I greeted her, in fact. I had been dozing, sitting on the bed, but I perked up instantly when she arrived. I didn't finish saying “Hello” before she yelped.

That was it. That was all I needed. I tried to ask, “Do you still love me?” but it only came out as, “Are you being unfaithful to me?”

For a second her face had the purest fear I had ever seen, and it broke my heart. But I remembered my own fear—the fear of the last few nights, where endless hours I should've spent dreaming were instead flooded with the noise and pressure of a racing heart. I wanted to relieve that fear immediately and what came to me next was the natural instinct of a husband with the intentions of becoming a father. Days prior I had discovered Mr. “Freder”'s room number; I wasted no time in going there. Vivian tried to stop me, which only fanned the flames—I burst in, and seized the German escapee by the throat. I shook him, knowing I would be forgiven if this was merely a misunderstanding.

Who are you, and why are you taking my wife away from me?”
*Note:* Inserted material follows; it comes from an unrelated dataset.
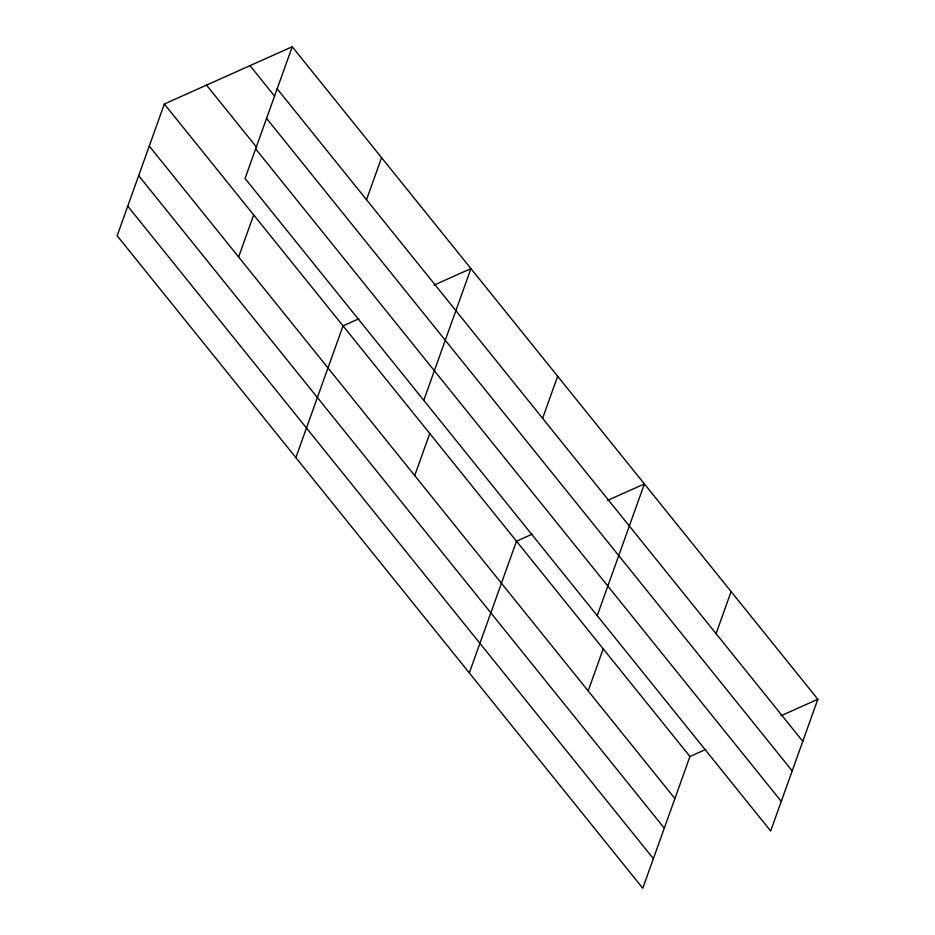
<?xml version="1.0" encoding="UTF-8"?>
<svg xmlns="http://www.w3.org/2000/svg" width="935" height="935" viewBox="0 0 935 935"><rect width="100%" height="100%" fill="white"/><g stroke="black" fill="none" stroke-linecap="round" stroke-linejoin="round"><path stroke-width="1.4" d="M292.223 46.75L245.052 178.48L770.674 830.993L817.844 699.251L292.223 46.75L164.326 104.007L117.155 235.749L642.777 888.25L689.948 756.52L705.773 749.426M238.624 256.996L253.677 214.933M366.52 199.728L381.574 157.676M295.869 457.601L343.04 325.859L358.865 318.777M423.765 400.332L470.936 268.602L434.004 285.14M414.708 475.588L429.761 433.524M542.604 418.319L557.657 376.267M469.323 672.919L516.494 541.19L532.319 534.107M597.22 615.662L644.39 483.933L607.458 500.459M588.162 690.907L603.215 648.855M716.058 633.649L731.112 591.586M780.912 715.789L817.844 699.251M277.157 88.802L802.791 741.315M250.019 65.649L274.633 96.211M266.569 118.406L792.19 770.908M206.53 85.12L256.681 147.368M255.652 148.887L781.274 801.4M164.326 104.007L689.948 756.52M149.261 146.07L674.895 798.572M138.672 175.663L664.294 828.165M127.756 206.156L653.378 858.657"/></g></svg>

But there was something wrong about the desperate face that stared back up at me. When people are strangled their skin turns red, and later blue. He was still pale as my hands crushed his trachea—and now I could see there was a seam of some kind just below my left index fingers, weaving its way over the surface of his skin...

I stopped choking him to loop my fingers under this seam, and I pulled hard. “Freder” screamed, and for a moment I wondered if I had become unhinged enough to flay the man with my savage jerk. But underneath the skin I removed was another face, and I saw at once that it was Oliver.

It all fell into place.

They were geniuses, after all, he and Vivian. They would have anticipated that I began formulating theories when I felt her flinch away from me when Zabor was searching for us. As I later learned, they would have also viewed it as a warning sign that I had read Zabor's notes when working with the authorities against him. If they were to continue the affair they had been conducting for nearly the entire course of what Vivian and I shared—what I thought we shared—they would need to be clever. I dimly remembered something about a letter from Oliver marked as being from China. To sail from China to Perth, to disguise oneself, and to conduct a desperate final indulgence of an affair before marriage stole away one party from the other forever, would all be easy feats for a student of the Suki Institute. I had a vision of Oliver creating the mask on the boat ride over, in between late-night radio talks with Vivian—the masks were a special polymer of his, no doubt. He was a polymath of polymaths, that boy.

It didn't matter. My nose is sensitive and my eyes recognize the look of tangled sheets. I braced myself to kill Oliver, our friendship gone in a moment. But Vivian came up behind me, and with an unknown object struck my head. Everything went black.